## YOUR TASK
The stretch wanted below opens at the line containing "#19630=PLANE('',#21448);" and closes at the line containing "#24345=DIRECTION('',(-1.,0.,0.));". Please return it exactly, with no other lines.

## MATERIAL SHOWN
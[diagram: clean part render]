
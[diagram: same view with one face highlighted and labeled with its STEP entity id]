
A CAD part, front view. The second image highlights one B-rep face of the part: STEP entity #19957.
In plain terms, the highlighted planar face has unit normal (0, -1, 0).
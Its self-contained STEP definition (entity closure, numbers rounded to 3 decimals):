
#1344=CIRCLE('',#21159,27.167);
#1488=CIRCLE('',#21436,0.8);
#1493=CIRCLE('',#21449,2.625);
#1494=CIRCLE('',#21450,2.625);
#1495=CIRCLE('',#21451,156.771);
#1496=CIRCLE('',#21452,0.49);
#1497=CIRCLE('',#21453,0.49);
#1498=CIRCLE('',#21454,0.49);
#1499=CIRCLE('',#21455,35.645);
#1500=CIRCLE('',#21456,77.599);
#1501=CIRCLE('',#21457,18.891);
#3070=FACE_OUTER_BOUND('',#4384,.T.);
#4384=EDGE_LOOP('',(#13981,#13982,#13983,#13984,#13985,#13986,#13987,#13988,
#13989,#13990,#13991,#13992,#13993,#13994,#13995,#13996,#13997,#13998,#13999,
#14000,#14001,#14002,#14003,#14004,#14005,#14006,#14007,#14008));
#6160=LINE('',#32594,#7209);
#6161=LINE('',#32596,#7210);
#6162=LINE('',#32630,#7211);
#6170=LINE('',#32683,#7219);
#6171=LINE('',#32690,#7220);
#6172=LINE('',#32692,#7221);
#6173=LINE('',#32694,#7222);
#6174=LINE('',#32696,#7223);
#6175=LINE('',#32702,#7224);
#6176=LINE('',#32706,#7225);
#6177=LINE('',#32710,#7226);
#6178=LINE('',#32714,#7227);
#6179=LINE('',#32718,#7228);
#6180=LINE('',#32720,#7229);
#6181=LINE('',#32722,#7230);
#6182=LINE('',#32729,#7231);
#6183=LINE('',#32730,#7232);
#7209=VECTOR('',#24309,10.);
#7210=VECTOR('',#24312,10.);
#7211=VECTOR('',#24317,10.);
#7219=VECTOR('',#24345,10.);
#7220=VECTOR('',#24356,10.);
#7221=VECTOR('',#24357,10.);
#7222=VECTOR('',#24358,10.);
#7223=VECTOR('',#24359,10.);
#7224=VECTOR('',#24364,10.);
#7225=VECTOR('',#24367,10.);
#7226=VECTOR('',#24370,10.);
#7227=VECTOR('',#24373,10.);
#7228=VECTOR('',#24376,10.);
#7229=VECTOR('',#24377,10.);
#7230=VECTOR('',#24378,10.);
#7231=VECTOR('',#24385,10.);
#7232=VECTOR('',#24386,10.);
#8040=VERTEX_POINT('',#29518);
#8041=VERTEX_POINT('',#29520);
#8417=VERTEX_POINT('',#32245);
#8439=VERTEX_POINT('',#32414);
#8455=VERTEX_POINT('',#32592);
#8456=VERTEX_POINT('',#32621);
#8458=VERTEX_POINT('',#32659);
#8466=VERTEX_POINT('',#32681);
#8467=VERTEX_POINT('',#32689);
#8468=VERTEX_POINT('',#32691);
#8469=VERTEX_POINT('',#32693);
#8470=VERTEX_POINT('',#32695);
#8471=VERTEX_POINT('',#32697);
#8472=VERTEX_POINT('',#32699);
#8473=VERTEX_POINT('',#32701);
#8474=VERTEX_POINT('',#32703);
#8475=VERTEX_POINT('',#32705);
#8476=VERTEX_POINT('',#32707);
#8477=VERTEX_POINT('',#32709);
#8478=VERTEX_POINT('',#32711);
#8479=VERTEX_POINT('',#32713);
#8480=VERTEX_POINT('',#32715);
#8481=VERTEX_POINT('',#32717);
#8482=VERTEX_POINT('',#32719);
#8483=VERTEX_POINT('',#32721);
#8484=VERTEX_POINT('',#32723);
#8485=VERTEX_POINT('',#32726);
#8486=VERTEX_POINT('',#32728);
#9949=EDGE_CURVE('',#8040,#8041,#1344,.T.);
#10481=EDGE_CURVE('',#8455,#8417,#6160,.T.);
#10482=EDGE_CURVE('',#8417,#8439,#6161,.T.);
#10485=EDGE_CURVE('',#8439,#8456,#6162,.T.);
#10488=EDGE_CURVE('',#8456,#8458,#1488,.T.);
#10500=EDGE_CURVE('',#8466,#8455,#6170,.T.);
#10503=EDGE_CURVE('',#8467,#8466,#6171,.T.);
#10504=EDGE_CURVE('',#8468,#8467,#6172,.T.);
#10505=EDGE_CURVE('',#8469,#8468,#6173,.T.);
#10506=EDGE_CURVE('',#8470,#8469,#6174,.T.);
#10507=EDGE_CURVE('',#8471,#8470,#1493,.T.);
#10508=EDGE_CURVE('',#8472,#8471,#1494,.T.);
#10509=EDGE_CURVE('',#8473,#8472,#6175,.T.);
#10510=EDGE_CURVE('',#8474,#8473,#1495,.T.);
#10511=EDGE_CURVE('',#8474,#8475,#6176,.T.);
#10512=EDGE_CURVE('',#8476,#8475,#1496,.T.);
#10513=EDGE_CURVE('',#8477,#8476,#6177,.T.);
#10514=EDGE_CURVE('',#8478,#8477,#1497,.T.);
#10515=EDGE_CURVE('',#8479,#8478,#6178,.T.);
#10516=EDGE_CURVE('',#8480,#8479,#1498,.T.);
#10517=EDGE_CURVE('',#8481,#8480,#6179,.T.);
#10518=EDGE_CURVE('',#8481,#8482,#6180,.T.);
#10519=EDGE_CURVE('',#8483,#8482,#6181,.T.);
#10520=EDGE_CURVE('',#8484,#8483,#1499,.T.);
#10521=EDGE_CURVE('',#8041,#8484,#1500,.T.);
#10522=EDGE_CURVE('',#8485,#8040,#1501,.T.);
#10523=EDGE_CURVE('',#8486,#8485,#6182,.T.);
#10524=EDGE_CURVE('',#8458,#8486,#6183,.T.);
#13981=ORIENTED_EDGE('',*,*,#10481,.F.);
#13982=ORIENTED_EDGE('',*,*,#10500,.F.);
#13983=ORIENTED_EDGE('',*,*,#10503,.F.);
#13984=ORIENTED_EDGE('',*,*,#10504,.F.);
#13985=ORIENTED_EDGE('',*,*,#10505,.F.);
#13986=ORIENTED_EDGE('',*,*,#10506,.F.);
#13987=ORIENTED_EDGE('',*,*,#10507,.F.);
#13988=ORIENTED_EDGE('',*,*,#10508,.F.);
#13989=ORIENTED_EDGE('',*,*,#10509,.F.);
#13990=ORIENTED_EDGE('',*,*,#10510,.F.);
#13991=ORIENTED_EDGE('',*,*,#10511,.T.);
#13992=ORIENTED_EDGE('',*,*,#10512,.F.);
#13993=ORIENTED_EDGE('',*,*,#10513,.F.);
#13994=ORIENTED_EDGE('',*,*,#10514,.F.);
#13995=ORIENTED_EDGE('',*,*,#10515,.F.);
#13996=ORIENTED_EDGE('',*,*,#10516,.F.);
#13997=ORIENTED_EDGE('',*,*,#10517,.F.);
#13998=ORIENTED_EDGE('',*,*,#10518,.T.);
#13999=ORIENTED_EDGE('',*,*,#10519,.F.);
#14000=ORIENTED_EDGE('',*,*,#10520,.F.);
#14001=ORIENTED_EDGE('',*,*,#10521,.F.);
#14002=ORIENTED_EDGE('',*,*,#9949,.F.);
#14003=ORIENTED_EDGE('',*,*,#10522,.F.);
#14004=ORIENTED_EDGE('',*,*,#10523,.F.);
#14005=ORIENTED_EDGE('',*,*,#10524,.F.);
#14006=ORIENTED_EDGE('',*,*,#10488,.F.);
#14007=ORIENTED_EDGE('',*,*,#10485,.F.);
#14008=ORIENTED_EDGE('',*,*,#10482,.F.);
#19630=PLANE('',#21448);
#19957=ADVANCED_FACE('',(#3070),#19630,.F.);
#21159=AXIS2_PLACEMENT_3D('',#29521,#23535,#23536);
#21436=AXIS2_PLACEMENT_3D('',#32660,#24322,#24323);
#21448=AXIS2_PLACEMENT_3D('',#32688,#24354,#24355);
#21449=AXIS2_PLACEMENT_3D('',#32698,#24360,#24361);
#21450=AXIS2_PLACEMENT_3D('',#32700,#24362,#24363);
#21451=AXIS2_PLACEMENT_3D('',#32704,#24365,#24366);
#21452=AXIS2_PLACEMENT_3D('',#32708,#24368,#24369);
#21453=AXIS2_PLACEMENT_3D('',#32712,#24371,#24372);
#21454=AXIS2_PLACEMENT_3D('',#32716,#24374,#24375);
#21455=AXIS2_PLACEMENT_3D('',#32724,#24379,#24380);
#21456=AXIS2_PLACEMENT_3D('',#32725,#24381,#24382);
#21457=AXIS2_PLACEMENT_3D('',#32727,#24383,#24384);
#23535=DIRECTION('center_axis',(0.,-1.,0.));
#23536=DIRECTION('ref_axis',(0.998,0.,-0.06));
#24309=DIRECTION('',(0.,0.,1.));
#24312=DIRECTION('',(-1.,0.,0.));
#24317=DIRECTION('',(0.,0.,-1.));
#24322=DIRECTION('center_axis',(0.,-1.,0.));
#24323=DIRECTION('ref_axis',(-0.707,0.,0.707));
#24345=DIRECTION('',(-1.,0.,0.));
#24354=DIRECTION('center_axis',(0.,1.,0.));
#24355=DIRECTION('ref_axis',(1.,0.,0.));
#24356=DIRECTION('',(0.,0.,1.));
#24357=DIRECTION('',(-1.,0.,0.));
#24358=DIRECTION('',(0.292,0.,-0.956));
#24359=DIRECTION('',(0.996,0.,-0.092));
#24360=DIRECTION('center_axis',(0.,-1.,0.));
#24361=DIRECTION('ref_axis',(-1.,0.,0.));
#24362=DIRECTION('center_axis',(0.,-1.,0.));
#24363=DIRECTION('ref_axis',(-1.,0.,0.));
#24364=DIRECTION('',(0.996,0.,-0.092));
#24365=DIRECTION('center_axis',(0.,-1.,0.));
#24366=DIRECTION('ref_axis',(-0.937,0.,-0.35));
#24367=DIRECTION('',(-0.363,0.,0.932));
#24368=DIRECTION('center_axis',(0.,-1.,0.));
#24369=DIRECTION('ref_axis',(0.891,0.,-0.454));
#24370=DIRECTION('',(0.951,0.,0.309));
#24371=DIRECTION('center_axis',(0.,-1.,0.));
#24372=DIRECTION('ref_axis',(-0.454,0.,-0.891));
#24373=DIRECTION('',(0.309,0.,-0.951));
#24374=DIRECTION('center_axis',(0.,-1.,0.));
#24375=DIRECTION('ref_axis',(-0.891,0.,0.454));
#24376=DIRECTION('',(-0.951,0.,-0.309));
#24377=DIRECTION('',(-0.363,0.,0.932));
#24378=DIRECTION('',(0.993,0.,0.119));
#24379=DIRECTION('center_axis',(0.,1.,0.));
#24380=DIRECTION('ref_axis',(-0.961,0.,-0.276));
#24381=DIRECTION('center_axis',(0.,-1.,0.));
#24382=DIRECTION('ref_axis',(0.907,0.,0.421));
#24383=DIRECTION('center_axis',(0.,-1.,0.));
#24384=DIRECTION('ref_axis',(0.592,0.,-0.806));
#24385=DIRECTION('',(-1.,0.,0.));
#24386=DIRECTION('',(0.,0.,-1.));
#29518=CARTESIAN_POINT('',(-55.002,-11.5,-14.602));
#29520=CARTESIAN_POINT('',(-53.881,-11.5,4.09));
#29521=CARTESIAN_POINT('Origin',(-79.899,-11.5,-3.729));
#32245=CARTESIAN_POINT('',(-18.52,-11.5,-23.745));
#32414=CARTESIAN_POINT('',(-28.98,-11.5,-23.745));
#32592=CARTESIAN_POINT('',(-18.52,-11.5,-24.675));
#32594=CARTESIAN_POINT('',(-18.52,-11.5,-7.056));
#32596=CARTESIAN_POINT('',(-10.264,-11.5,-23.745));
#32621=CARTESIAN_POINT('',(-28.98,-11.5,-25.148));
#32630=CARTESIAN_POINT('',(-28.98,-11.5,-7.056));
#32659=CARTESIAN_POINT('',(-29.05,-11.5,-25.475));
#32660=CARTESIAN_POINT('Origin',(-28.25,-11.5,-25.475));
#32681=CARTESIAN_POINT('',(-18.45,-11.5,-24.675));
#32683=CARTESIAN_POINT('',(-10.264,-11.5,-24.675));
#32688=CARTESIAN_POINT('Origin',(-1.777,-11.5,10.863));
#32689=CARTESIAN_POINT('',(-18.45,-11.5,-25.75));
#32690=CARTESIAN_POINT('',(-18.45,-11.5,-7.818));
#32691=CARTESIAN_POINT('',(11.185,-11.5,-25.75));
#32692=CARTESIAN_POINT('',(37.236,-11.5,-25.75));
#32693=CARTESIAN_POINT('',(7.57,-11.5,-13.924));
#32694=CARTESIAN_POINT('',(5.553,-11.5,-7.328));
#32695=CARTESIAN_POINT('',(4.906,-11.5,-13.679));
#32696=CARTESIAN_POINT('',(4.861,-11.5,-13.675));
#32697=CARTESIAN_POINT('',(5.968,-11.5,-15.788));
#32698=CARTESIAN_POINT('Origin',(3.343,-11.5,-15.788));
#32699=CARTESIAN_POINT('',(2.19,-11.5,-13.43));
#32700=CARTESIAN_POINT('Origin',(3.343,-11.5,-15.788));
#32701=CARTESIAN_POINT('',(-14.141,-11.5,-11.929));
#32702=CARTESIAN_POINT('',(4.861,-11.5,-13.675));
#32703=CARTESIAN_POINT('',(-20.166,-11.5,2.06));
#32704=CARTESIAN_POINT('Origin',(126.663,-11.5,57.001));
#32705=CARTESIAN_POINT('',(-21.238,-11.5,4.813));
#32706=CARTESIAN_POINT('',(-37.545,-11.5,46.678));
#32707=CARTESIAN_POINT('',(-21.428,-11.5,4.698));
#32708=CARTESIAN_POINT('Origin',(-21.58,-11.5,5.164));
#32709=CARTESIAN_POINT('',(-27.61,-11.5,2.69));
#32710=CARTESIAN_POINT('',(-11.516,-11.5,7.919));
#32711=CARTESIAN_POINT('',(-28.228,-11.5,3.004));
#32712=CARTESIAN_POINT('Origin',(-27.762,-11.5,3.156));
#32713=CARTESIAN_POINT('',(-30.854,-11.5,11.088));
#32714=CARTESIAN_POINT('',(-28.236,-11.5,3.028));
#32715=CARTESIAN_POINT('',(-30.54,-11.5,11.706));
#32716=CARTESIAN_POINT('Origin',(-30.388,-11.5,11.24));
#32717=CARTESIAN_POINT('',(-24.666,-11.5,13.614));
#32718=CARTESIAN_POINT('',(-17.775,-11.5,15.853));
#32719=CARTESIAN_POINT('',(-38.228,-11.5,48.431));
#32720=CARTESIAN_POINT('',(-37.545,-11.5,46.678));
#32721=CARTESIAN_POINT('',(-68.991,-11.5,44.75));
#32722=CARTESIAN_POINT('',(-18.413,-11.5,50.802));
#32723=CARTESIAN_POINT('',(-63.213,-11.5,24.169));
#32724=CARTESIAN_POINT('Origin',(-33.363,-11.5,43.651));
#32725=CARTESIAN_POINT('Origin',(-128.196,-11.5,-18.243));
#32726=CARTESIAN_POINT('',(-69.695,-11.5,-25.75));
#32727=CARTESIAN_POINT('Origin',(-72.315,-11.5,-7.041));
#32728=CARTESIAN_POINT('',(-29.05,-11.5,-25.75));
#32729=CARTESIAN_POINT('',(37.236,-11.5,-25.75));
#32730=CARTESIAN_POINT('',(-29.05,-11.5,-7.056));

## COMPLETED EXERCISE
#19630=PLANE('',#21448);
#19957=ADVANCED_FACE('',(#3070),#19630,.F.);
#21159=AXIS2_PLACEMENT_3D('',#29521,#23535,#23536);
#21436=AXIS2_PLACEMENT_3D('',#32660,#24322,#24323);
#21448=AXIS2_PLACEMENT_3D('',#32688,#24354,#24355);
#21449=AXIS2_PLACEMENT_3D('',#32698,#24360,#24361);
#21450=AXIS2_PLACEMENT_3D('',#32700,#24362,#24363);
#21451=AXIS2_PLACEMENT_3D('',#32704,#24365,#24366);
#21452=AXIS2_PLACEMENT_3D('',#32708,#24368,#24369);
#21453=AXIS2_PLACEMENT_3D('',#32712,#24371,#24372);
#21454=AXIS2_PLACEMENT_3D('',#32716,#24374,#24375);
#21455=AXIS2_PLACEMENT_3D('',#32724,#24379,#24380);
#21456=AXIS2_PLACEMENT_3D('',#32725,#24381,#24382);
#21457=AXIS2_PLACEMENT_3D('',#32727,#24383,#24384);
#23535=DIRECTION('center_axis',(0.,-1.,0.));
#23536=DIRECTION('ref_axis',(0.998,0.,-0.06));
#24309=DIRECTION('',(0.,0.,1.));
#24312=DIRECTION('',(-1.,0.,0.));
#24317=DIRECTION('',(0.,0.,-1.));
#24322=DIRECTION('center_axis',(0.,-1.,0.));
#24323=DIRECTION('ref_axis',(-0.707,0.,0.707));
#24345=DIRECTION('',(-1.,0.,0.));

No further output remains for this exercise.